Formulations suitable for nasal administration may, for example, comprise from about as little as 0.1% (w/w) and as much as 100% (w/w) of the active ingredient, and may further comprise one or more of the additional ingredients described herein.

A pharmaceutical composition of the invention may be prepared, packaged, or sold in a formulation suitable for buccal administration. Such formulations may, for example, be in the form of tablets or lozenges made using conventional methods, and may, for example, 0.1 to 20% (w/w) active ingredient, the balance comprising an orally dissolvable or degradable composition and, optionally, one or more of the additional ingredients described herein. Alternately, formulations suitable for buccal administration may comprise a powder or an aerosolized or atomized solution or suspension comprising the active ingredient. Such powdered, aerosolized, or aerosolized formulations, when dispersed, preferably have an average particle or droplet size in the range from about 0.1 to about 200 nanometers, and may further comprise one or more of the additional ingredients described herein.

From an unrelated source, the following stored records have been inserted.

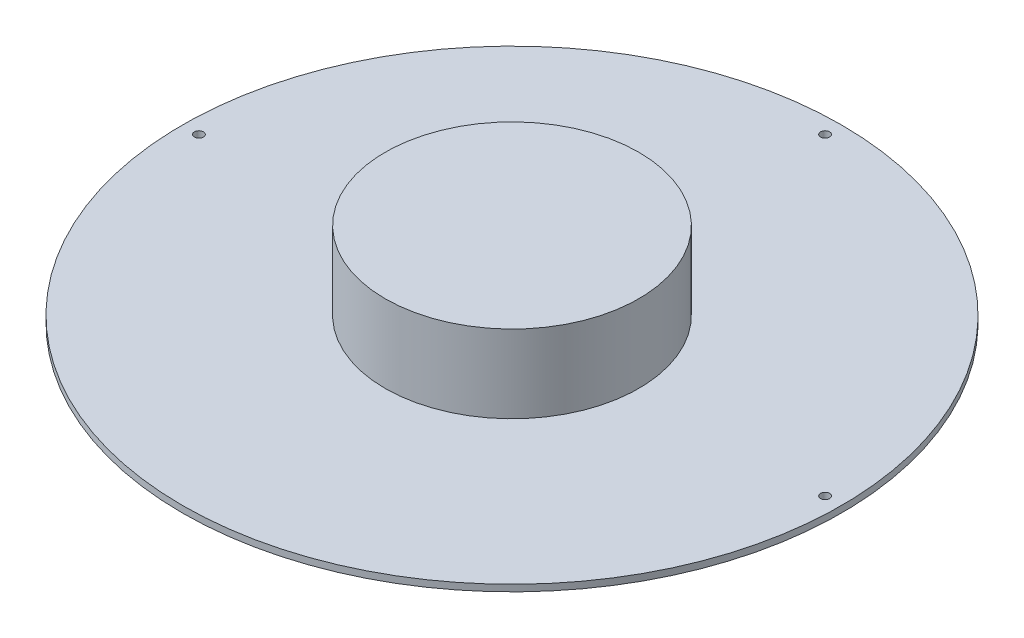
from build123d import *

# Parameters (mm, degrees)
SKETCH1_R                = 80
BOSS_EXTRUDE1_DEPTH      = 1.6
SKETCH2_R                = 2.3
CUT_EXTRUDE1_DEPTH       = 1.6
M2_CLEARANCE_HOLE2_D     = 2.2
M2_CLEARANCE_HOLE2_DEPTH = 6
M2_CLEARANCE_HOLE2_TIP   = 0.660946681
SKETCH9_R                = 30.8
BOSS_EXTRUDE2_DEPTH      = 18.86
SKETCH10_R               = 1.5
BOSS_EXTRUDE3_DEPTH      = 4
SKETCH11_R               = 0.7
BOSS_EXTRUDE4_DEPTH      = 3.8


with BuildPart() as part:
    # Sketch1 → Boss-Extrude1 (new body)
    with BuildSketch(Plane(origin=(0, 0, 0), x_dir=(1, 0, 0), z_dir=(0, 1, 0))):
        Circle(SKETCH1_R)
    extrude(amount=BOSS_EXTRUDE1_DEPTH)

    # Sketch2 → Cut-Extrude1 (cut)
    with BuildSketch(Plane(origin=(0, 1.6, 0), x_dir=(1, 0, 0), z_dir=(0, 1, 0))):
        Circle(SKETCH2_R)
    extrude(amount=-CUT_EXTRUDE1_DEPTH, mode=Mode.SUBTRACT)

    # M2 Clearance Hole2
    with Locations(Plane(origin=(0, 1.6, 0), x_dir=(1, 0, 0), z_dir=(0, 1, 0))):
        with Locations((0, 76), (76, 0), (-76, 0)):
            Hole(M2_CLEARANCE_HOLE2_D / 2, depth=M2_CLEARANCE_HOLE2_DEPTH)
            with Locations((0, 0, -(M2_CLEARANCE_HOLE2_DEPTH + M2_CLEARANCE_HOLE2_TIP / 2))):  # 118° drill point
                Cone(0, M2_CLEARANCE_HOLE2_D / 2, M2_CLEARANCE_HOLE2_TIP, mode=Mode.SUBTRACT)

    # Sketch9 → Boss-Extrude2 (add)
    with BuildSketch(Plane(origin=(0, 1.6, 0), x_dir=(1, 0, 0), z_dir=(0, 1, 0))):
        Circle(SKETCH9_R)
    extrude(amount=BOSS_EXTRUDE2_DEPTH)

    # Sketch10 → Boss-Extrude3 (add)
    with BuildSketch(Plane.XZ.offset(-1.6)):
        Circle(SKETCH10_R)
    extrude(amount=BOSS_EXTRUDE3_DEPTH)

    # Sketch11 → Boss-Extrude4 (add)
    with BuildSketch(Plane.XZ.offset(2.4)):
        Circle(SKETCH11_R)
    extrude(amount=BOSS_EXTRUDE4_DEPTH)


solid = part.part

A pharmaceutical composition of the invention may be prepared, packaged, or sold in a formulation suitable for ophthalmic administration. Such formulations may, for example, be in the form of eye drops including, for example, a 0.1-1.0% (w/w) solution or suspension of the active ingredient in an aqueous or oily liquid carrier. Such drops may further comprise buffering agents, salts, or one or more other of the additional ingredients described herein. Other ophthalmically-administrable formulations which are useful include those which comprise the active ingredient in microcrystalline form or in a liposomal preparation, provided the receptor-binding moiety of the targeting molecule is accessible to target delivery to the cognate receptor.

As used herein, “additional ingredients” include, but are not limited to, one or more of the following: excipients; surface active agents; dispersing agents; inert diluents; granulating and disintegrating agents; binding agents; lubricating agents; sweetening agents; flavoring agents; coloring agents; preservatives; physiologically degradable compositions such as gelatin; aqueous vehicles and solvents; oily vehicles and solvents; suspending agents; dispersing or wetting agents; emulsifying agents, demulcents; buffers; salts; thickening agents; fillers; emulsifying agents; antioxidants; antibiotics; antifungal agents; stabilizing agents; and pharmaceutically acceptable polymeric or hydrophobic materials. Other “additional ingredients” which may be included in the pharmaceutical compositions of the invention are known in the art and described, for example in Remington's Pharmaceutical Sciences (1985, Genaro, ed., Mack Publishing Co., Easton, Pa.), which is incorporated herein by reference.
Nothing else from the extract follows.